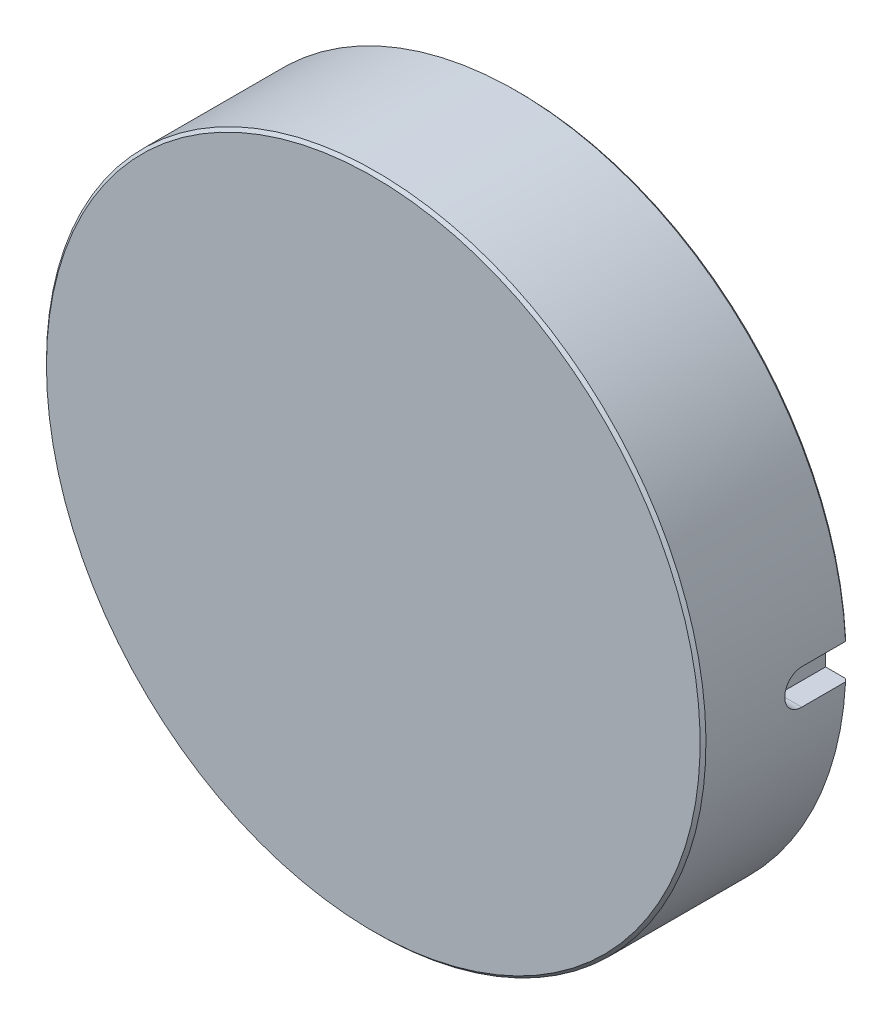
ISO-10303-21;
HEADER;
FILE_DESCRIPTION(('STEP AP214'),'2;1');
FILE_NAME('part.step','',(''),(''),'','','');
FILE_SCHEMA(('AUTOMOTIVE_DESIGN { 1 0 10303 214 1 1 1 1 }'));
ENDSEC;
DATA;
#1=APPLICATION_CONTEXT('core data for automotive mechanical design processes');
#2=APPLICATION_PROTOCOL_DEFINITION('international standard','automotive_design',2000,#1);
#3=PRODUCT_CONTEXT('',#1,'mechanical');
#4=PRODUCT('Part','Part','',(#3));
#5=PRODUCT_RELATED_PRODUCT_CATEGORY('part','',(#4));
#6=PRODUCT_DEFINITION_FORMATION('','',#4);
#7=PRODUCT_DEFINITION_CONTEXT('part definition',#1,'design');
#8=PRODUCT_DEFINITION('design','',#6,#7);
#9=PRODUCT_DEFINITION_SHAPE('','',#8);
#10=(LENGTH_UNIT() NAMED_UNIT(*) SI_UNIT(.MILLI.,.METRE.));
#11=(NAMED_UNIT(*) PLANE_ANGLE_UNIT() SI_UNIT($,.RADIAN.));
#12=(NAMED_UNIT(*) SI_UNIT($,.STERADIAN.) SOLID_ANGLE_UNIT());
#13=UNCERTAINTY_MEASURE_WITH_UNIT(LENGTH_MEASURE(1.E-05),#10,'distance_accuracy_value','');
#14=(GEOMETRIC_REPRESENTATION_CONTEXT(3) GLOBAL_UNCERTAINTY_ASSIGNED_CONTEXT((#13)) GLOBAL_UNIT_ASSIGNED_CONTEXT((#10,
#11,#12)) REPRESENTATION_CONTEXT('',''));
#15=CARTESIAN_POINT('',(0.,0.,0.));
#16=DIRECTION('',(0.,0.,1.));
#17=DIRECTION('',(1.,0.,0.));
#18=AXIS2_PLACEMENT_3D('',#15,#16,#17);
#19=CARTESIAN_POINT('',(43.3012701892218,25.0000000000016,-25.));
#20=DIRECTION('',(0.,0.,-1.));
#21=DIRECTION('',(-1.,0.,0.));
#22=AXIS2_PLACEMENT_3D('',#19,#20,#21);
#23=CYLINDRICAL_SURFACE('',#22,3.4);
#24=CARTESIAN_POINT('',(43.3012701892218,25.0000000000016,-25.));
#25=DIRECTION('',(0.,0.,-1.));
#26=DIRECTION('',(-1.,0.,0.));
#27=AXIS2_PLACEMENT_3D('',#24,#25,#26);
#28=CIRCLE('',#27,3.4);
#29=CARTESIAN_POINT('',(39.9012701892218,25.0000000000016,-25.));
#30=VERTEX_POINT('',#29);
#31=EDGE_CURVE('E838',#30,#30,#28,.T.);
#32=ORIENTED_EDGE('',*,*,#31,.T.);
#33=EDGE_LOOP('',(#32));
#34=FACE_BOUND('',#33,.T.);
#35=CARTESIAN_POINT('',(43.3012701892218,25.0000000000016,-13.));
#36=DIRECTION('',(0.,0.,1.));
#37=DIRECTION('',(1.,0.,0.));
#38=AXIS2_PLACEMENT_3D('',#35,#36,#37);
#39=CIRCLE('',#38,3.4);
#40=CARTESIAN_POINT('',(46.7012701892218,25.0000000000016,-13.));
#41=VERTEX_POINT('',#40);
#42=EDGE_CURVE('E11',#41,#41,#39,.F.);
#43=ORIENTED_EDGE('',*,*,#42,.F.);
#44=EDGE_LOOP('',(#43));
#45=FACE_BOUND('',#44,.T.);
#46=ADVANCED_FACE('F38',(#34,#45),#23,.F.);
#47=CARTESIAN_POINT('',(43.3012701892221,-24.9999999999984,-25.));
#48=DIRECTION('',(0.,0.,-1.));
#49=DIRECTION('',(-1.,0.,0.));
#50=AXIS2_PLACEMENT_3D('',#47,#48,#49);
#51=CYLINDRICAL_SURFACE('',#50,3.4);
#52=CARTESIAN_POINT('',(43.3012701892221,-24.9999999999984,-25.));
#53=DIRECTION('',(0.,0.,-1.));
#54=DIRECTION('',(-1.,0.,0.));
#55=AXIS2_PLACEMENT_3D('',#52,#53,#54);
#56=CIRCLE('',#55,3.4);
#57=CARTESIAN_POINT('',(39.9012701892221,-24.9999999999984,-25.));
#58=VERTEX_POINT('',#57);
#59=EDGE_CURVE('E842',#58,#58,#56,.T.);
#60=ORIENTED_EDGE('',*,*,#59,.T.);
#61=EDGE_LOOP('',(#60));
#62=FACE_BOUND('',#61,.T.);
#63=CARTESIAN_POINT('',(43.3012701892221,-24.9999999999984,-13.));
#64=DIRECTION('',(0.,0.,1.));
#65=DIRECTION('',(1.,0.,0.));
#66=AXIS2_PLACEMENT_3D('',#63,#64,#65);
#67=CIRCLE('',#66,3.4);
#68=CARTESIAN_POINT('',(46.701270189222,-24.9999999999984,-13.));
#69=VERTEX_POINT('',#68);
#70=EDGE_CURVE('E48',#69,#69,#67,.F.);
#71=ORIENTED_EDGE('',*,*,#70,.F.);
#72=EDGE_LOOP('',(#71));
#73=FACE_BOUND('',#72,.T.);
#74=ADVANCED_FACE('F735',(#62,#73),#51,.F.);
#75=CARTESIAN_POINT('',(2.46105559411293E-13,-49.9999999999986,-25.));
#76=DIRECTION('',(0.,0.,-1.));
#77=DIRECTION('',(-1.,0.,0.));
#78=AXIS2_PLACEMENT_3D('',#75,#76,#77);
#79=CYLINDRICAL_SURFACE('',#78,3.4);
#80=CARTESIAN_POINT('',(2.46105559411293E-13,-49.9999999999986,-25.));
#81=DIRECTION('',(0.,0.,-1.));
#82=DIRECTION('',(-1.,0.,0.));
#83=AXIS2_PLACEMENT_3D('',#80,#81,#82);
#84=CIRCLE('',#83,3.4);
#85=CARTESIAN_POINT('',(-3.39999999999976,-49.9999999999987,-25.));
#86=VERTEX_POINT('',#85);
#87=EDGE_CURVE('E845',#86,#86,#84,.T.);
#88=ORIENTED_EDGE('',*,*,#87,.T.);
#89=EDGE_LOOP('',(#88));
#90=FACE_BOUND('',#89,.T.);
#91=CARTESIAN_POINT('',(2.46105559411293E-13,-49.9999999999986,-13.));
#92=DIRECTION('',(0.,0.,1.));
#93=DIRECTION('',(1.,0.,0.));
#94=AXIS2_PLACEMENT_3D('',#91,#92,#93);
#95=CIRCLE('',#94,3.4);
#96=CARTESIAN_POINT('',(3.40000000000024,-49.9999999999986,-13.));
#97=VERTEX_POINT('',#96);
#98=EDGE_CURVE('E920',#97,#97,#95,.F.);
#99=ORIENTED_EDGE('',*,*,#98,.F.);
#100=EDGE_LOOP('',(#99));
#101=FACE_BOUND('',#100,.T.);
#102=ADVANCED_FACE('F741',(#90,#101),#79,.F.);
#103=CARTESIAN_POINT('',(-43.3012701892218,-24.9999999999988,-25.));
#104=DIRECTION('',(0.,0.,-1.));
#105=DIRECTION('',(-1.,0.,0.));
#106=AXIS2_PLACEMENT_3D('',#103,#104,#105);
#107=CYLINDRICAL_SURFACE('',#106,3.4);
#108=CARTESIAN_POINT('',(-43.3012701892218,-24.9999999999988,-25.));
#109=DIRECTION('',(0.,0.,-1.));
#110=DIRECTION('',(-1.,0.,0.));
#111=AXIS2_PLACEMENT_3D('',#108,#109,#110);
#112=CIRCLE('',#111,3.4);
#113=CARTESIAN_POINT('',(-46.7012701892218,-24.9999999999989,-25.));
#114=VERTEX_POINT('',#113);
#115=EDGE_CURVE('E811',#114,#114,#112,.T.);
#116=ORIENTED_EDGE('',*,*,#115,.T.);
#117=EDGE_LOOP('',(#116));
#118=FACE_BOUND('',#117,.T.);
#119=CARTESIAN_POINT('',(-43.3012701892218,-24.9999999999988,-13.));
#120=DIRECTION('',(0.,0.,1.));
#121=DIRECTION('',(1.,0.,0.));
#122=AXIS2_PLACEMENT_3D('',#119,#120,#121);
#123=CIRCLE('',#122,3.4);
#124=CARTESIAN_POINT('',(-39.9012701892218,-24.9999999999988,-13.));
#125=VERTEX_POINT('',#124);
#126=EDGE_CURVE('E917',#125,#125,#123,.F.);
#127=ORIENTED_EDGE('',*,*,#126,.F.);
#128=EDGE_LOOP('',(#127));
#129=FACE_BOUND('',#128,.T.);
#130=ADVANCED_FACE('F911',(#118,#129),#107,.F.);
#131=CARTESIAN_POINT('',(-43.3012701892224,25.0000000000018,-25.));
#132=DIRECTION('',(0.,0.,-1.));
#133=DIRECTION('',(-1.,0.,0.));
#134=AXIS2_PLACEMENT_3D('',#131,#132,#133);
#135=CYLINDRICAL_SURFACE('',#134,3.4);
#136=CARTESIAN_POINT('',(-43.3012701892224,25.0000000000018,-25.));
#137=DIRECTION('',(0.,0.,-1.));
#138=DIRECTION('',(-1.,0.,0.));
#139=AXIS2_PLACEMENT_3D('',#136,#137,#138);
#140=CIRCLE('',#139,3.4);
#141=CARTESIAN_POINT('',(-46.7012701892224,25.0000000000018,-25.));
#142=VERTEX_POINT('',#141);
#143=EDGE_CURVE('E807',#142,#142,#140,.T.);
#144=ORIENTED_EDGE('',*,*,#143,.T.);
#145=EDGE_LOOP('',(#144));
#146=FACE_BOUND('',#145,.T.);
#147=CARTESIAN_POINT('',(-43.3012701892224,25.0000000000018,-13.));
#148=DIRECTION('',(0.,0.,1.));
#149=DIRECTION('',(1.,0.,0.));
#150=AXIS2_PLACEMENT_3D('',#147,#148,#149);
#151=CIRCLE('',#150,3.4);
#152=CARTESIAN_POINT('',(-39.9012701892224,25.0000000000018,-13.));
#153=VERTEX_POINT('',#152);
#154=EDGE_CURVE('E915',#153,#153,#151,.F.);
#155=ORIENTED_EDGE('',*,*,#154,.F.);
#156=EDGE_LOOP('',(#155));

:::

◆ Task brief: Beginning with the line containing "#62=FACE_BOUND('',#61,.T.);" in the material above, copy every line exactly until you have copied the line containing "#69=VERTEX_POINT('',#68);".

◆ The completed task:
#62=FACE_BOUND('',#61,.T.);
#63=CARTESIAN_POINT('',(43.3012701892221,-24.9999999999984,-13.));
#64=DIRECTION('',(0.,0.,1.));
#65=DIRECTION('',(1.,0.,0.));
#66=AXIS2_PLACEMENT_3D('',#63,#64,#65);
#67=CIRCLE('',#66,3.4);
#68=CARTESIAN_POINT('',(46.701270189222,-24.9999999999984,-13.));
#69=VERTEX_POINT('',#68);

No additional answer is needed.